Are there any good, unbiased biographies about Jesus "the man" and not Jesus "the religious figure"?

by [deleted]

My grandmother is a very intelligent lady, but she's also very religious (which, yes, sounds contradicting). She's always been "defensive" when I make comments about how her European-looking Jesus paintings are inaccurate, or anything regarding anything of that sort.

She's an avid reader and reads about most any topic. She often asks me to get her more information about these things, so I'd like to give her some good books with an unbiased point of view, perhaps not just about Jesus, but also about "demythifying" various points from the Bible with concrete historical facts. Again, she's open minded but I don't think she'd really take anything too seriously if it were somehow literally attacking her religious views, rather than stating it in a neutral way.

Any recommendations? Thanks in advance!

talondearg

No, there aren't, because there's a flaw in your reasoning to get to this question.

You can love the Bible, or leave it, or critically analyse it, or re-write it to fit your own view of what happened, but it's still a set of documents written in a particular context that needs to be read and understood in the context. That's just part of the discipline of reading historical literature.

So what happens if I, say, write a biography of Jesus and take out everything I think is unhistorical. Say I remove everything that seems miraculous or far-fetched. What's left? What's left is not unbiased, it's a 20th century re-telling of the gospels that tells you more about what I think than anything about the historical Jesus. It's really a work of historical fiction.

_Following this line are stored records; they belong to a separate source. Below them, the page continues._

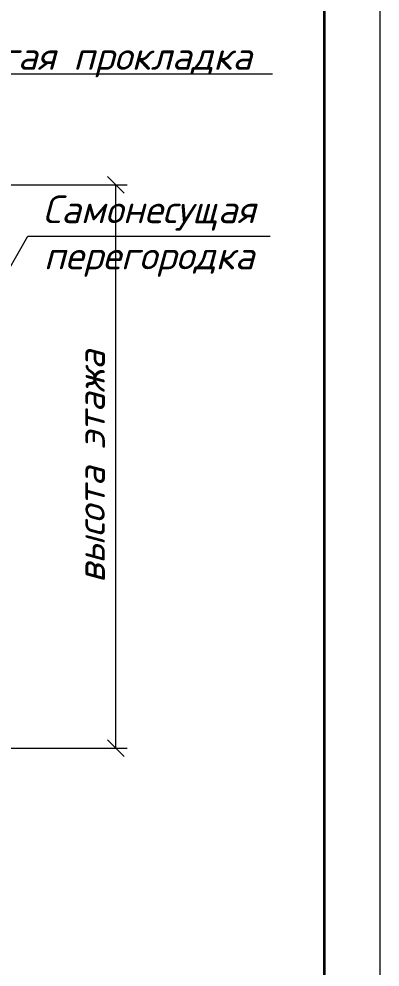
# Model space of a CAD drawing. Header units: millimetres. Extents: x 10124 to 8132345, y -95635 to 1386204.
# Drawn here: x 61565 to 61891, y -12603 to -11747 of the extents above; entities that cross this region are included whole.
import ezdxf

# ---------------------------------------------------------------- set-up
doc = ezdxf.new("R2010")
doc.units = ezdxf.units.MM
doc.layers.get('DEFPOINTS').update_dxf_attribs({"color": 1})
doc.layers.add('013', color=7, linetype='Continuous', lineweight=13)
doc.styles.add('10', font='isocpeui.ttf', dxfattribs={"height": 25})
doc.styles.add('GOST', font='isocpeur.TTF')
doc.dimstyles.new('10', dxfattribs={"dimtxt": 37.5, "dimasz": 15, "dimexe": 10, "dimexo": 10, "dimgap": 10, "dimtad": 1, "dimtxsty": '10', "dimblk": 'OBLIQUE', "dimcen": 2.5, "dimadec": 0, "dimazin": 0, "dimtfac": 1, "dimtmove": 0, "dimatfit": 3, "dimfxl": 1, "dimlwd": 15, "dimlwe": 15, "dimarcsym": 0})

# ---------------------------------------------------------------- blocks, each defined once
blk = doc.blocks.new('*U685')
at = {"color": 44, "lineweight": 20, "ltscale": 10}
blk.add_line((210, 0), (210, 297), dxfattribs=at)
at = {"color": 137, "lineweight": 35, "ltscale": 10}
blk.add_line((205, 5), (205, 292), dxfattribs=at)
at = {"color": 44, "lineweight": 13, "style": 'GOST', "oblique": 10, "width": 0.8}
for tag in ['ФОРМАТВЕРТ', 'ФОРМАТГОРИЗ']:
    blk.add_attdef(tag, (158.982, 1.595), '', height=2, dxfattribs=at)
blk = doc.blocks.new('_OBLIQUE')
at = {"color": 0, "linetype": 'ByBlock'}
blk.add_line((-0.5, -0.5), (0.5, 0.5), dxfattribs=at)
blk = doc.blocks.new('*D699')
at = {"layer": '013', "color": 0, "lineweight": 15, "ltscale": 100, "transparency": 16777216}
for p, q in [((61554.95, -11897.26), (61662.78, -11897.26)), ((61652.78, -12405.69), (61652.78, -11897.26)), ((61553.01, -12405.69), (61662.78, -12405.69))]:
    blk.add_line(p, q, dxfattribs=at)
at = {"layer": 'DEFPOINTS', "color": 0, "ltscale": 100, "transparency": 16777216}
for p in [(61544.95, -11897.26), (61652.78, -11897.26), (61543.01, -12405.69)]:
    blk.add_point(p, dxfattribs=at)
at = {"layer": '013', "color": 0, "lineweight": 15, "ltscale": 100, "transparency": 16777216, "xscale": 15, "yscale": 15, "zscale": 15}
for p, rotation in [((61652.78, -11897.26), 90), ((61652.78, -12405.69), 270)]:
    blk.add_blockref('_OBLIQUE', p, dxfattribs=dict(at, rotation=rotation))
at = {"layer": '013', "color": 0, "ltscale": 100, "transparency": 16777216, "insert": (61630.27, -12151.48), "char_height": 25, "attachment_point": 5, "rotation": 90, "style": '10'}
blk.add_mtext('высота этажа', dxfattribs=at)

msp = doc.modelspace()

# ---------------------------------------------------------------- linework, layer by layer
at = {"layer": '013', "ltscale": 100}
for p, q in [((61523.697, -12030.133), (61573.148, -11943.492)), ((61573.148, -11943.492), (61792.027, -11943.492))]:
    msp.add_line(p, q, dxfattribs=at)
msp.add_lwpolyline([(61369.188, -11905.782), (61452.454, -11796.856), (61793.931, -11796.856)], dxfattribs=at)

# ---------------------------------------------------------------- block references
at = {"xscale": 10, "yscale": 10, "zscale": 10}
msp.add_blockref('*U685', (59791.036, -13922.398), dxfattribs=at)

# ---------------------------------------------------------------- texts
at = {"color": 0, "lineweight": 9, "char_height": 25, "attachment_point": 5, "style": '10'}
for s, insert, width in [('\\pxi1.23419;Упругая прокладка', (61613.019, -11784.238), 700), ('Самонесущая \\Pперегородка', (61682.587, -11943.492), 236.21255)]:
    msp.add_mtext(s, dxfattribs=dict(at, insert=insert, width=width))

# ---------------------------------------------------------------- dimensions: what is measured, and where the dimension line sits
at = {"layer": '013', "ltscale": 100}
dim = msp.add_linear_dim(base=(61652.777, -11897.265), p1=(61543.014, -12405.692), p2=(61544.949, -11897.265), angle=90, text='высота этажа', dimstyle='10', dxfattribs=at)
dim.commit()
dim.dimension.update_dxf_attribs({"geometry": '*D699', "text_midpoint": (61630.267, -12151.479)})

doc.saveas('drawing.dxf')

This is in fact the market of books you're asking about - historical fiction. There is no unbiased position. There is no 'neutrality' here. In my view, the value of 'objectivity' means owning up to your own biases, and let me be clear my bias is against using 'objectivity' as a criterion to privilege certain viewpoints.

I would say, if you want your grandmother to think intelligently about the Bible, get her books that engage critically and intelligently with the Bible. To me it sounds like you want books that will persuade her of the Bible's unreliability, under an appearance of objectivity. Isn't that just projecting your own view onto her.

400-Rabbits

You may be interested in the FAQ section on Did Jesus Exist? and, to some extent, the section on Reza Aslan's "Zealot: The Life and Times of Jesus of Nazareth".

TomCollator

Did Jesus exist? by Bart Ehrman might be an interesting book for her. It discusses what Jesus might have been like from a historical rather than a religious point of view. Bart Ehrman is an agnostic, not a Christian.

conflare

How does this sub feel about Elaine Pagels? Her credentials seem good (to me), and the books of hers that I've read, especially The Gnostic Gospels and The Origin of Satan, offered an interesting perspective. I'd be interested in how credible the larger historical community considers her.

I thought Pagels might be especially interesting to OP because she identifies as Christian, at least in some form:

Because the language and the characters of the Bible are so familiar to her, Pagels adds, she identifies as Christian -- "but I wouldn’t say I identify only with that."

http://alumni.stanford.edu/get/page/magazine/article/?article_id=36367

so while she approaches the subject as a scholar, she's not antagonistic to religious belief.